- **BRIEF**:
Within the records that follow, find every line containing the string "schematic". Copy those lines.

[Collection entries]
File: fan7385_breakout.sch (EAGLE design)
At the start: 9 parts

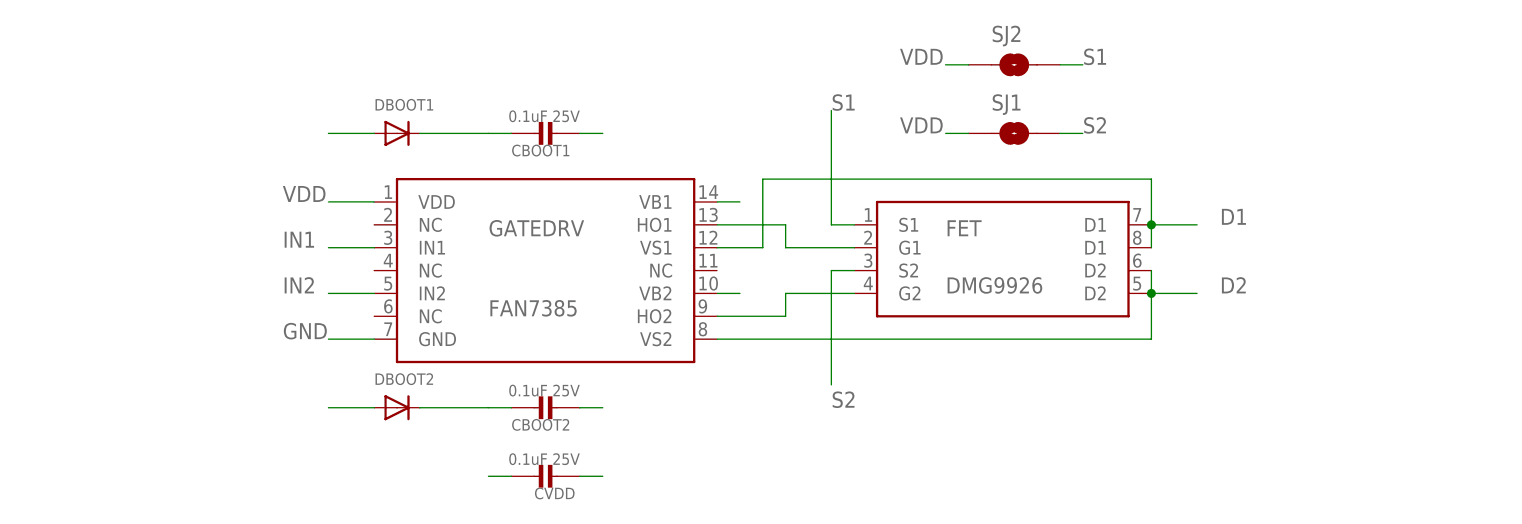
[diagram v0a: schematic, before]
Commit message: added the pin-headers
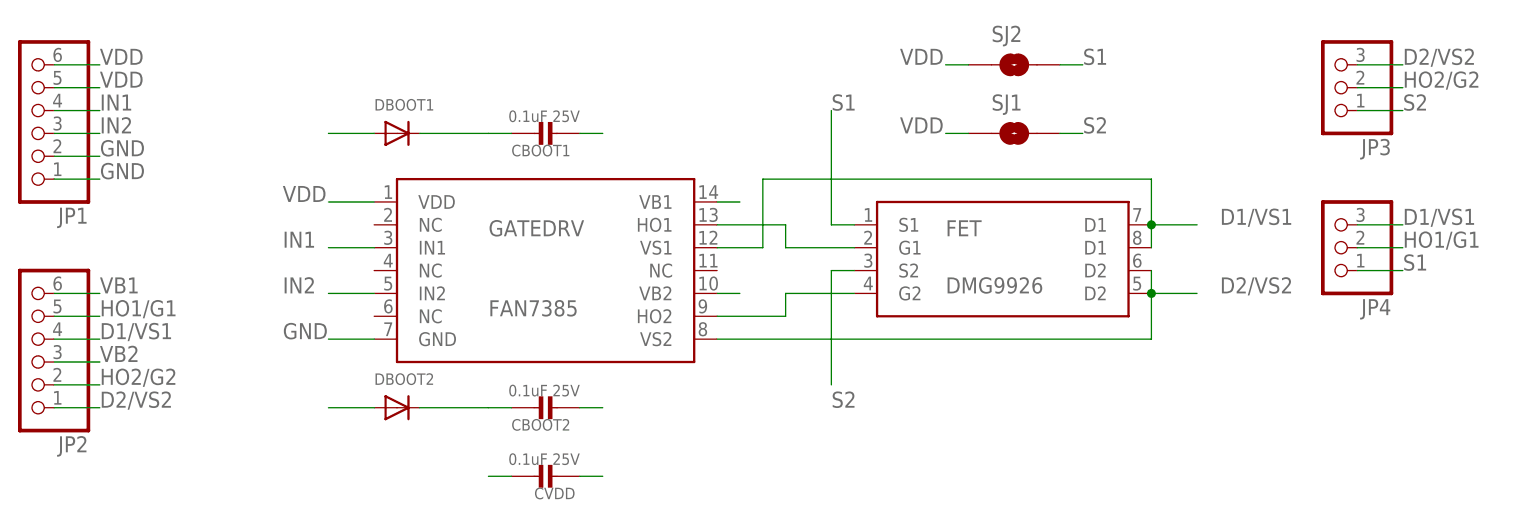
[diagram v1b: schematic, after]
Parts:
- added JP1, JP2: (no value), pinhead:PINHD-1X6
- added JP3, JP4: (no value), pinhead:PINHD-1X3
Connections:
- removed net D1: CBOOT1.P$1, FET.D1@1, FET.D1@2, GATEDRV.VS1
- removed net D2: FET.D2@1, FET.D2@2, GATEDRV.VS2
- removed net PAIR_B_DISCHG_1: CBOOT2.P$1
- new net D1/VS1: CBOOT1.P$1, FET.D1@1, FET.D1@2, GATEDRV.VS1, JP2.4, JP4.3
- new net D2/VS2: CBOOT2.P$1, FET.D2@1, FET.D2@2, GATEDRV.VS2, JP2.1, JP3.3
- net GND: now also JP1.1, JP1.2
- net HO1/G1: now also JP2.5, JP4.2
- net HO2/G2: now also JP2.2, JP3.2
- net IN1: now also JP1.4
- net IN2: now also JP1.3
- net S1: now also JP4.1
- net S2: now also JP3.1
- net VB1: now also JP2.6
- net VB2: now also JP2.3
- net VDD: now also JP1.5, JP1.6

- **COMPLETED TASK**:
[diagram v0a: schematic, before]
[diagram v1b: schematic, after]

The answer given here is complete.